| What you have to do |
Only these lines of the data below are wanted: the one with "Top w0.25: Q765.1", the one with "Bottom w0.25: v1(142.26,218.06)", and any lines between them, each repeated exactly.

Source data
┄┄┄┄┄┄

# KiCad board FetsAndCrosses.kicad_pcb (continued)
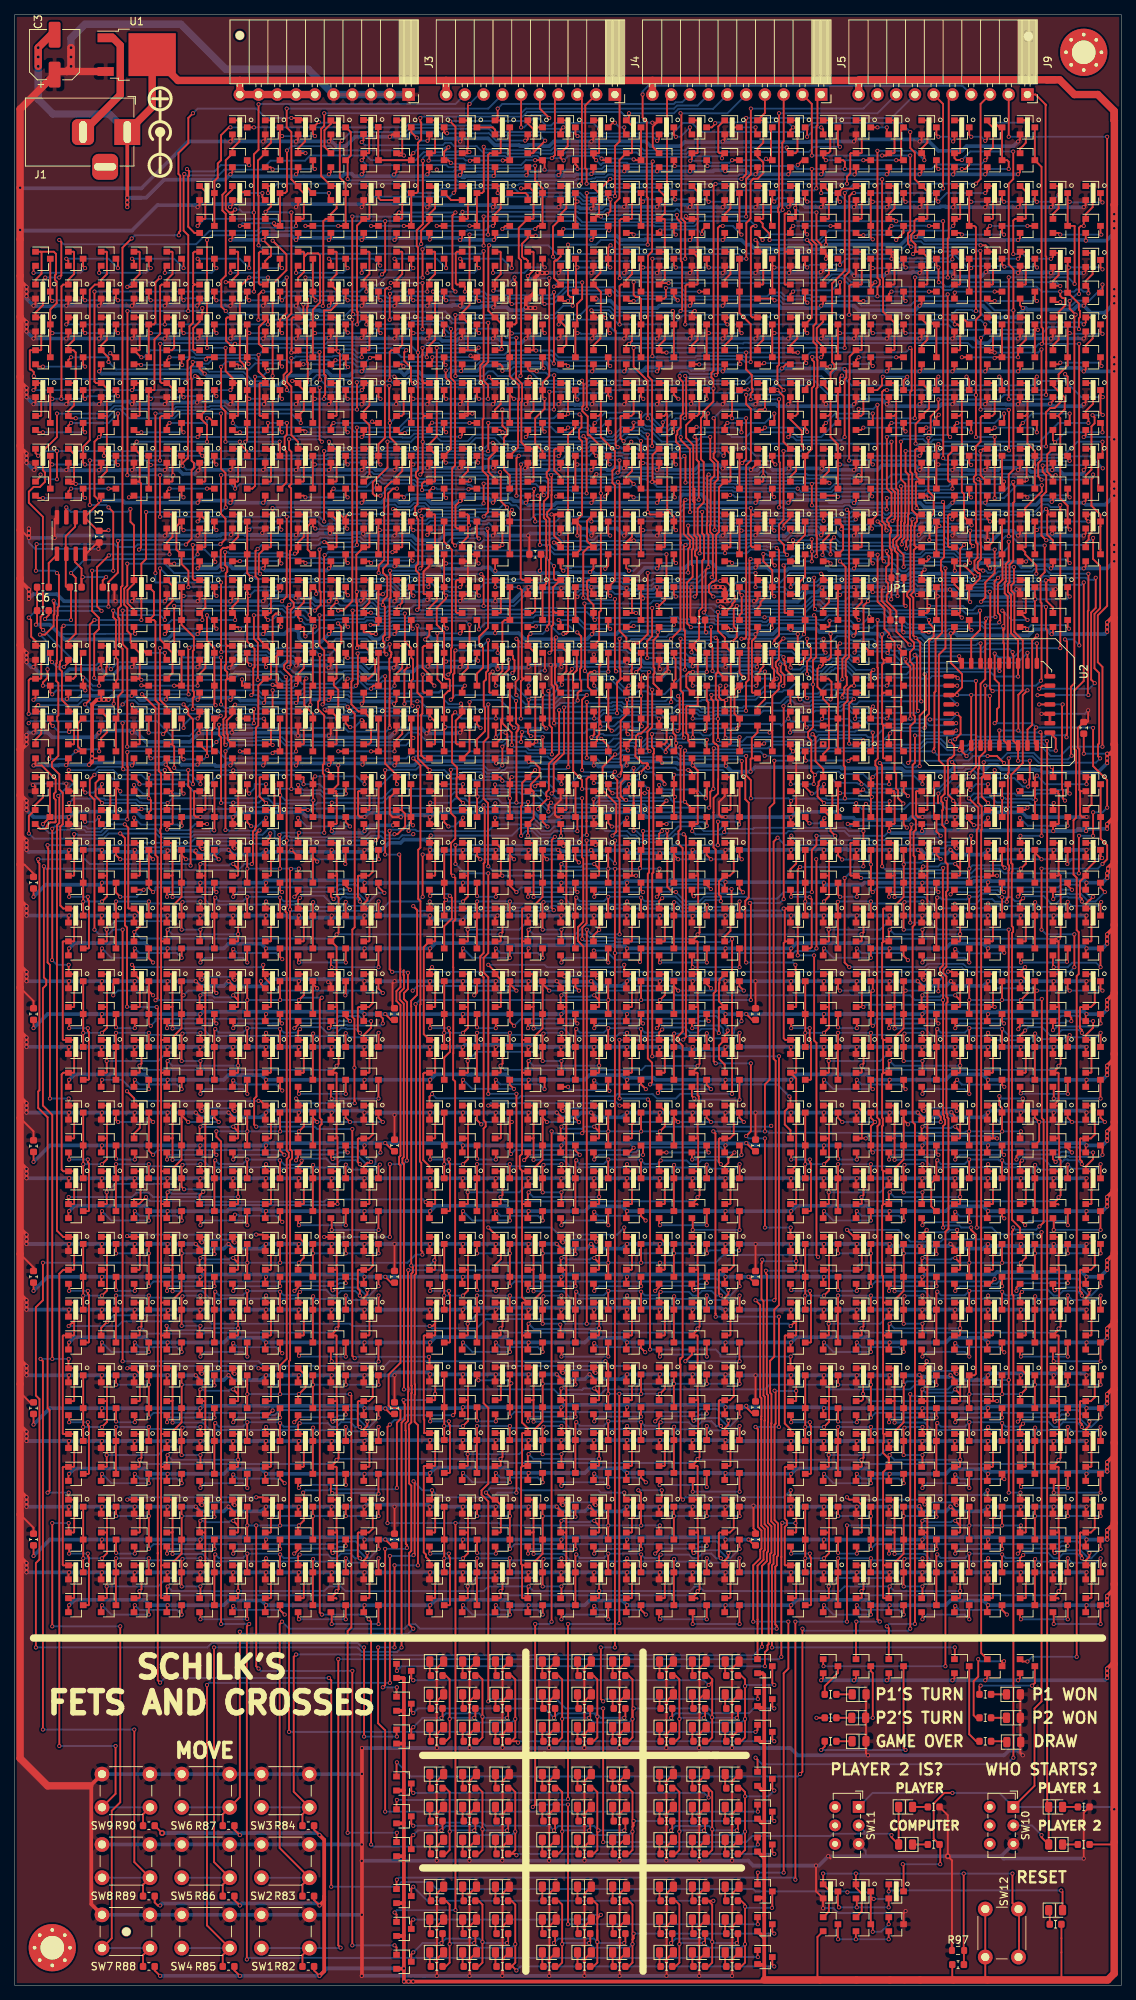
[diagram p0: board, top side]
## Routing (per net, layer and track width the routed paths; a pad name or vN(x,y) marks a point on that pad's centre or on a via; arc(x,y) is an arc through that point) (continued)
/PlayerMoveLegal/Sheet5ED65E75/5: length 25.7
  Top w0.25: Q788.3 Q787.3 84.82,208.99 v1(84.81,209) ; Q804.1 83.52,216.85 83.82,216.55 83.82,212.7 83.52,212.4 Q812.1 82.12,212.4 82.04,212.33 82.04,209.41 v1(82.46,208.99) ; Q790.3 89.27,206.1 v1(89.54,205.83) ; 84.82,206.01 84.85,206.04 v1(85.09,206.04)
  Bottom w0.25: v1(82.46,208.99) 82.98,209.52 84.3,209.52 v1(84.81,209) ; v1(85.09,206.04) 85.48,206.04 85.63,205.89 89.09,205.89 89.15,205.83 v1(89.54,205.83)
/PlayerMoveLegal/Sheet5ED65E75/6: length 43
  Top w0.25: Q815.1 79.08,216.85 79.38,216.55 79.38,212.72 ; Q808.1 79.08,212.4 79.38,212.7 79.38,212.72 ; 79.38,212.72 79.38,209.55 81.28,207.64 81.28,205.34 80.95,205 80.95,203.34 81.28,203.01 81.28,190.13 Q794.3 80.38,188.33 v1(80.65,188.06) ; Q792.3 Q791.3 75.93,188.2 v1(76.2,187.93)
  Bottom w0.25: v1(76.2,187.93) 76.25,187.93 76.71,188.39 77.29,188.39 77.62,188.06 v1(80.65,188.06)
/PlayerMoveLegal/Sheet5ED65E75/7: length 37
  Top w0.25: Q809.1 74.63,216.85 74.93,216.55 v1(74.93,212.7) 74.63,212.4 Q807.1 ; Q795.3 76.84,199.02 76.84,208.97 76.43,209.37 76.43,210.52 76.76,210.85 76.76,212.33 v1(76.49,212.6) ; Q795.3 75.98,198.12 76.63,197.47 76.63,194.32 75.98,193.67 Q796.3 ; Q795.3 76.2,197.85 v1(76.2,196.21) ; Q798.3 80.38,196.48 v1(80.65,196.21)
  Bottom w0.25: v1(80.65,196.21) 78.99,196.21 78.39,195.61 77.82,195.61 77.22,196.21 v1(76.2,196.21) ; v1(74.93,212.7) 76.39,212.7 v1(76.49,212.6)
/PlayerMoveLegal/Sheet5ED65E75/8: length 40.9
  Top w0.25: Q806.1 70.19,185.73 70.48,186.03 70.48,189.88 70.19,190.18 Q803.1 68.79,190.18 68.52,190.45 68.52,201.3 68.55,201.32 68.55,202.22 68.52,202.24 68.52,205.8 v1(68.55,205.83) ; Q799.3 Q800.3 ; Q802.3 80.38,206.05 v1(80.57,205.86) ; v1(76.2,205.83) 76.11,205.83 75.93,206.01
  Bottom w0.25: v1(80.57,205.86) 80.54,205.83 v1(76.2,205.83) 70.83,205.83 70.77,205.77 70.2,205.77 69.87,206.11 68.82,206.11 v1(68.55,205.83)
/PlayerMoveLegal/Sheet5ED65E75/sheet5ED67BE9/sheet5E6DB9E4/A: length 98.5
  Top w0.25: Q822.1 105.05,204.16 105.82,204.94 105.82,207.88 105.75,207.96 Q821.1 104.12,208.89 104.12,215.07 v1(103.29,215.9) Q811.3 ; Q806.3 Q803.3 71.94,189.68 71.94,193.1 72.04,193.19 72.04,194.73 71.97,194.79 71.97,198.28 71.66,198.6 71.66,200.84 72.24,201.42 72.24,201.89 72.26,201.9 72.26,203.88 72.05,204.09 72.05,204.79 72.41,205.15 v1(72.41,215.67) ; Q810.3 89.27,215.25 89.79,214.72 v1(89.88,214.72) ; Q805.3 99.18,215.9 v1(99.27,215.99) ; v1(93.7,214.72) 93.71,214.73 Q816.3 ; v1(80.72,214.83) 80.38,215.18 Q815.3 ; v1(107.6,216.72) 107.05,216.17 Q817.3 ; v1(76.2,214.63) 75.93,214.9 Q809.3 76.02,215.9 ; v1(85.12,214.72) 84.82,215.02 Q804.3
  Bottom w0.25: 93.73,215.9 94.11,215.52 98.41,215.52 98.88,215.99 v1(99.27,215.99) 102.32,215.99 102.87,216.53 ; 93.73,215.9 93.7,215.87 v1(93.7,214.72) ; 93.73,215.9 89.28,215.9 ; 76.6,215.5 79.99,215.5 80.39,215.9 ; 76.6,215.5 76.42,215.5 76.25,215.67 v1(72.41,215.67) ; 76.6,215.5 76.2,215.11 v1(76.2,214.63) ; 84.84,215.9 84.84,215.01 v1(85.12,214.72) ; 84.84,215.9 80.39,215.9 ; 84.84,215.9 89.28,215.9 ; 80.39,215.9 80.72,215.57 v1(80.72,214.83) ; v1(103.29,215.9) 102.87,216.32 102.87,216.53 ; 89.28,215.9 89.28,215.32 v1(89.88,214.72) ; 102.87,216.53 107.41,216.53 v1(107.6,216.72)
/PlayerMoveLegal/sheet5EDA7F4E/0: length 91.6
  Top w0.25: Q715.3 Q716.3 ; Q718.3 142.6,188.23 v1(142.88,187.96) ; v1(120.13,195.03) 120.13,195.53 120.48,195.87 120.48,197.89 120.55,197.96 120.55,199.22 120.62,199.29 120.62,203.23 120.02,203.83 ; Q761.1 145.75,216.85 146.05,216.55 146.05,214.05 145.05,213.05 Q764.1 145.41,212.04 v1(145.41,211.45) ; v1(130.88,187.25) 131.44,187.82 131.44,189.86 132.72,191.13 v1(132.72,194.31) ; 120.23,195 120.09,194.85 ; v1(138.21,187.59) 138.21,188.18 138.16,188.23 ; 120.02,205.74 120.02,208.53 ; 120.02,205.74 120.02,203.83 ; 120.02,205.74 v1(120.02,208.91)
  Bottom w0.25: v1(120.13,195.03) 120.68,195.58 122.55,195.58 123.19,196.21 125.73,196.21 126.36,195.58 130.17,195.58 131.44,194.31 v1(132.72,194.31) ; v1(145.41,211.45) 141.35,211.45 138.81,208.91 125.73,208.91 125.45,209.2 124.41,209.2 124.03,208.82 123.46,208.82 123.01,209.26 120.36,209.26 v1(120.02,208.91) ; v1(130.88,187.25) 137.87,187.25 v1(138.21,187.59) 142.51,187.59 v1(142.88,187.96)
/PlayerMoveLegal/sheet5EDA7F4E/1: length 31.7
  Top w0.25: Q767.3 Q768.3 ; 141.3,212.4 142.21,213.31 142.21,214.92 140.6,216.52 Q755.1 ; 141.3,212.4 Q763.1 ; 141.3,212.4 141.6,212.1 141.6,201.23 142.6,200.23 Q770.3 142.6,197.33 v1(142.9,197.03) ; v1(138.42,196.97) 138.31,196.97 138.16,197.12
  Bottom w0.25: v1(142.9,197.03) 142.63,197.3 138.76,197.3 v1(138.42,196.97)
/PlayerMoveLegal/sheet5EDA7F4E/2: length 23.1
  Top w0.25: Q720.3 Q719.3 138.16,207.66 137.16,208.66 137.16,212.7 ; Q749.1 136.86,216.85 137.16,216.55 137.16,212.7 ; 137.16,212.7 136.86,212.4 Q762.1 ; Q722.3 142.6,206.61 v1(142.88,206.34) ; 138.16,206.01 138.16,205.69 v1(138.01,205.54)
  Bottom w0.25: v1(138.01,205.54) 138.18,205.54 138.93,206.29 142.82,206.29 v1(142.88,206.34)
/PlayerMoveLegal/sheet5EDA7F4E/3: length 43.5
  Top w0.25: Q723.3 Q724.3 ; Q760.1 132.41,216.85 132.72,216.55 132.72,212.7 132.41,212.4 Q758.1 131.01,212.4 130.81,212.2 130.81,208.91 130.17,208.28 130.17,204.41 129.89,204.12 129.89,203.55 130.18,203.26 130.18,197.9 130.19,197.89 130.19,195.28 130.4,195.07 130.4,193.21 129.98,192.8 129.98,191.61 130.44,191.16 130.62,191.16 130.73,191.05 130.73,190.42 129.54,189.23 Q726.3 129.27,187.35 v1(129.39,187.23) ; v1(125,187.98) 125,188.06 124.83,188.23
  Bottom w0.25: v1(125,187.98) 127.24,187.98 127.51,187.71 128.62,187.71 128.75,187.58 128.92,187.58 129.28,187.23 v1(129.39,187.23)
/PlayerMoveLegal/sheet5EDA7F4E/4: length 31.3
  Top w0.25: Q757.1 127.97,212.4 128.27,212.7 128.27,216.55 127.97,216.85 Q754.1 ; Q727.3 Q728.3 ; 124.83,197.12 125.22,197.52 v1(125.23,197.52) ; 128.27,212.72 128.27,202.13 128.56,201.84 128.56,198.78 129.22,198.12 Q730.3 129.27,197.93 v1(129.59,197.6)
  Bottom w0.25: v1(129.59,197.6) 129.28,197.6 129.04,197.37 125.38,197.37 v1(125.23,197.52)
/PlayerMoveLegal/sheet5EDA7F4E/5: length 25.1
  Top w0.25: Q732.3 Q731.3 124.83,208.33 v1(125.1,208.6) ; 124.83,206.01 125,205.83 v1(125.1,205.83) ; Q734.3 129.27,206.04 v1(129.54,205.77) ; Q748.1 123.83,215.85 123.83,213.4 Q756.1 122.83,212.13 122.01,211.31 v1(122.01,208.66)
  Bottom w0.25: v1(125.1,208.6) 124.72,208.22 122.44,208.22 v1(122.01,208.66) ; v1(129.54,205.77) 129.48,205.83 v1(125.1,205.83)
/PlayerMoveLegal/sheet5EDA7F4E/6: length 47.9
  Top w0.25: Q752.1 119.08,212.4 119.38,212.7 ; Q759.1 119.08,216.85 119.38,216.55 119.38,212.7 ; 119.38,212.7 119.38,205.74 ; v1(116.2,188.56) 115.94,188.83 Q738.3 ; 119.38,205.74 119.38,203.83 ; 119.38,205.74 119.38,202.57 119.65,202.3 119.65,198.34 119.58,198.27 119.58,196.25 118.96,195.64 118.96,194.73 119.2,194.5 119.2,194.15 119.57,193.78 v1(119.57,188.03) ; v1(111.76,188.19) 111.49,188.46 Q735.3 Q736.3
  Bottom w0.25: v1(111.76,188.19) 112.13,188.56 v1(116.2,188.56) 118.39,188.56 118.77,188.18 119.42,188.18 v1(119.57,188.03)
/PlayerMoveLegal/sheet5EDA7F4E/7: length 37.7
  Top w0.25: Q753.1 114.64,216.85 114.94,216.55 114.94,212.7 114.64,212.4 Q751.1 114.3,212.77 v1(114.3,213.36) ; Q740.3 111.54,193.67 112.19,194.32 112.19,197.47 111.54,198.12 Q739.3 111.95,197.66 v1(111.95,197.07) ; v1(116.09,197.15) 115.94,197.31 Q742.3 116.84,199.02 v1(116.84,213.9)
  Bottom w0.25: v1(111.95,197.07) 116.01,197.07 v1(116.09,197.15) ; v1(116.84,213.9) 116.3,213.36 v1(114.3,213.36)
/PlayerMoveLegal/sheet5EDA7F4E/8: length 22.4
  Top w0.25: 110.49,212.7 110.19,212.4 Q750.1 ; 110.49,212.7 110.49,215.65 109.49,216.65 Q747.1 ; 110.49,212.7 110.49,209.55 111.49,208.55 Q743.3 Q744.3 ; v1(116.2,205.83) 115.94,206.1 Q746.3 ; v1(111.76,205.83) 111.67,205.83 111.49,206.01
  Bottom w0.25: v1(116.2,205.83) 115.82,205.83 115.73,205.74 112.24,205.74 112.15,205.83 v1(111.76,205.83)
/PlayerMoveLegal/sheet5EDA7F4E/sheet5ED67BE9/sheet5E6DB9E4/A: length 86.1
  Top w0.25: Q765.1 145.75,207.96 145.83,207.88 ; 145.83,207.88 145.83,205.13 145.05,204.36 Q766.1 ; 145.83,207.88 145.83,210.98 146.25,211.4 146.25,212.23 v1(145.98,212.5) ; Q753.3 116.82,215.9 117.45,216.53 117.45,217.6 v1(117.57,217.71) ; Q750.3 Q747.3 111.75,216.16 111.75,217.58 v1(112.03,217.86) ; v1(147.35,212.54) 147.05,212.85 Q761.3 147.05,215.25 v1(147.35,214.95) ; v1(133.35,217.71) 133.72,217.35 Q760.3 ; v1(125.1,217.71) 124.83,217.44 Q748.3 ; Q749.3 138.16,217.44 v1(138.43,217.71) ; v1(120.87,217.7) 120.38,217.21 Q759.3 ; Q754.3 129.27,217.35 v1(128.91,217.71) ; v1(142.26,218.06) 142.6,217.72 Q755.3
  Bottom w0.25: v1(142.26,218.06) 142.26,217.15 142.88,216.53 ; 120.97,216.53 120.97,217.6 v1(120.87,217.7) 120.85,217.71 v1(117.57,217.71) ; 120.97,216.53 113.35,216.53 v1(112.03,217.86) ; 120.97,216.53 125.1,216.53 ; 125.1,216.53 v1(125.1,217.71) ; 125.1,216.53 128.91,216.53 ; 138.43,216.53 133.35,216.53 ; 138.43,216.53 139.03,217.14 142.27,217.14 142.88,216.53 ; 138.43,216.53 v1(138.43,217.71) ; 133.35,216.53 v1(133.35,217.71) ; 133.35,216.53 128.91,216.53 ; 142.88,216.53 144.46,214.95 v1(147.35,214.95) ; v1(147.35,212.54) 147.31,212.5 v1(145.98,212.5) ; 128.91,216.53 v1(128.91,217.71)
/PlayerMoveLegal/Sheet5EDA893C/sheet5EDAA563/sheet5E562435/A: length 21.1
  Top w0.25: v1(51.44,175.89) 51.44,176.57 Q884.1 51.7,177.53 52.48,178.3 52.48,181.21 52.41,181.29 Q883.1 ; Q887.3 Q888.3 48.56,175.89 48.26,175.6 v1(48.26,175.48) ; v1(45.08,176.85) 44.81,176.58 Q885.3 44.57,175.65 44.55,175.65
  Bottom w0.25: v1(45.08,176.85) 46.36,176.85 47.72,175.48 v1(48.26,175.48) ; v1(48.26,175.48) 47.87,175.48 ; v1(48.26,175.48) 51.02,175.48 v1(51.44,175.89)
/PlayerMoveLegal/Sheet5EDA893C/sheet5EDAAE2B/A: length 43.6
  Top w0.25: Q893.1 47.96,190.18 48.04,190.1 48.04,187.16 47.26,186.38 Q894.1 48.19,185.73 v1(48.23,185.77) ; v1(52.83,185.65) 52.83,181.86 53.7,180.99 Q883.3 53.7,179.69 53.94,179.45 53.94,176.78 53.7,176.54 Q884.3 53.7,173.35 v1(53.87,173.18) ; Q837.1 43.52,167.95 43.59,168.03 43.59,171.25 43.52,171.32 43.52,171.75 42.86,172.4 Q838.1 42.11,172.4 41.97,172.54 v1(41.97,172.66)
  Bottom w0.25: v1(48.23,185.77) 48.37,185.63 48.89,185.63 49.19,185.33 50.51,185.33 50.73,185.55 52.73,185.55 v1(52.83,185.65) ; v1(41.97,172.66) 42.21,172.9 44.33,172.9 44.8,172.44 45.37,172.44 45.78,172.84 53.54,172.84 v1(53.87,173.18)
/PlayerMoveLegal/Sheet5EDA893C/sheet5EDAAE2B/sheet5E562435/A: length 20.6
  Top w0.25: Q839.3 Q840.3 v1(48.26,167) ; Q837.3 v1(43.81,167) ; v1(51.44,167) 51.44,167.69 Q836.1 51.7,168.6 52.48,169.38 52.48,172.32 52.41,172.4 Q835.1
  Bottom w0.25: v1(51.44,167) v1(48.26,167) v1(43.81,167)
/PlayerMoveLegal/Sheet5EDA893C/sheet5EDAC22B/A: length 36.8
  Top w0.25: Q901.1 39.07,190.18 39.15,190.1 39.15,187.16 38.37,186.38 Q902.1 ; Q902.1 38.37,185.15 v1(38.73,184.78) ; Q902.1 38.37,185.46 ; v1(40.04,173.31) 40.04,175.56 Q842.3 Q841.3 40.37,183.64 v1(40.64,183.91) ; v1(29.85,173.32) 29.75,173.32 29.48,173.05 Q850.1 29.48,171.94 28.7,171.16 28.7,169.42 28.84,169.28 28.84,168.59 Q849.1
  Bottom w0.25: v1(38.73,184.78) 39.34,184.18 40.37,184.18 v1(40.64,183.91) ; v1(40.04,173.31) 39.51,172.78 33.21,172.78 32.67,173.32 v1(29.85,173.32)
/PlayerMoveLegal/Sheet5EDA893C/sheet5EDAC22B/sheet5E562435/A: length 21.4
  Top w0.25: Q849.3 v1(30.48,167) ; v1(38.1,167) 38.1,167.69 Q848.1 39.07,167.95 39.15,168.03 39.15,172.32 39.07,172.4 Q847.1 ; Q851.3 Q852.3 35.16,167 v1(34.92,166.77)
  Bottom w0.25: v1(30.48,167) 30.75,166.73 34.89,166.73 v1(34.92,166.77) 34.96,166.73 37.83,166.73 v1(38.1,167)
/PlayerMoveLegal/Sheet5EDA893C/sheet5EDAC229/A: length 78.2
  Top w0.25: Q836.3 Q835.3 53.7,169.1 v1(53.98,168.82) ; Q897.1 39.07,199.07 39.15,198.99 39.15,196.05 38.37,195.27 Q898.1 38.37,193.97 38.16,193.76 v1(37.95,193.76) ; Q843.1 28.78,176.84 ; 28.78,176.84 28.57,176.64 28.57,171.67 28.25,171.35 28.25,169.23 28.39,169.1 28.39,168.04 v1(28.55,167.88) ; 28.78,176.84 28.78,177.73 28.47,178.04 28.47,178.64 28.61,178.78 28.61,181.12 28.78,181.29 ; 28.78,181.29 28.57,181.5 28.57,191.13 28.78,191.33 28.78,191.91 28.49,192.2 v1(28.49,193.96) ; 28.78,181.29 Q844.1
  Bottom w0.25: v1(37.95,193.76) 37.8,193.61 37.04,193.61 36.84,193.81 29.03,193.81 28.88,193.96 v1(28.49,193.96) ; v1(28.55,167.88) 29.05,168.37 32.7,168.37 32.79,168.46 36.01,168.46 36.64,167.82 52.99,167.82 v1(53.98,168.82)
/PlayerMoveLegal/Sheet5EDA893C/sheet5EDAC229/sheet5E562435/A: length 21.9
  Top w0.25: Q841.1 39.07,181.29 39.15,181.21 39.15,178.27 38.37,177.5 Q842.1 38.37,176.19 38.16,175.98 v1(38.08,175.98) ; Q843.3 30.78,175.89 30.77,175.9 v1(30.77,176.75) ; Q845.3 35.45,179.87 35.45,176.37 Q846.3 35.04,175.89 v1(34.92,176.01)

┄┄┄┄┄┄

| Task result |
  Top w0.25: Q765.1 145.75,207.96 145.83,207.88 ; 145.83,207.88 145.83,205.13 145.05,204.36 Q766.1 ; 145.83,207.88 145.83,210.98 146.25,211.4 146.25,212.23 v1(145.98,212.5) ; Q753.3 116.82,215.9 117.45,216.53 117.45,217.6 v1(117.57,217.71) ; Q750.3 Q747.3 111.75,216.16 111.75,217.58 v1(112.03,217.86) ; v1(147.35,212.54) 147.05,212.85 Q761.3 147.05,215.25 v1(147.35,214.95) ; v1(133.35,217.71) 133.72,217.35 Q760.3 ; v1(125.1,217.71) 124.83,217.44 Q748.3 ; Q749.3 138.16,217.44 v1(138.43,217.71) ; v1(120.87,217.7) 120.38,217.21 Q759.3 ; Q754.3 129.27,217.35 v1(128.91,217.71) ; v1(142.26,218.06) 142.6,217.72 Q755.3
  Bottom w0.25: v1(142.26,218.06) 142.26,217.15 142.88,216.53 ; 120.97,216.53 120.97,217.6 v1(120.87,217.7) 120.85,217.71 v1(117.57,217.71) ; 120.97,216.53 113.35,216.53 v1(112.03,217.86) ; 120.97,216.53 125.1,216.53 ; 125.1,216.53 v1(125.1,217.71) ; 125.1,216.53 128.91,216.53 ; 138.43,216.53 133.35,216.53 ; 138.43,216.53 139.03,217.14 142.27,217.14 142.88,216.53 ; 138.43,216.53 v1(138.43,217.71) ; 133.35,216.53 v1(133.35,217.71) ; 133.35,216.53 128.91,216.53 ; 142.88,216.53 144.46,214.95 v1(147.35,214.95) ; v1(147.35,212.54) 147.31,212.5 v1(145.98,212.5) ; 128.91,216.53 v1(128.91,217.71)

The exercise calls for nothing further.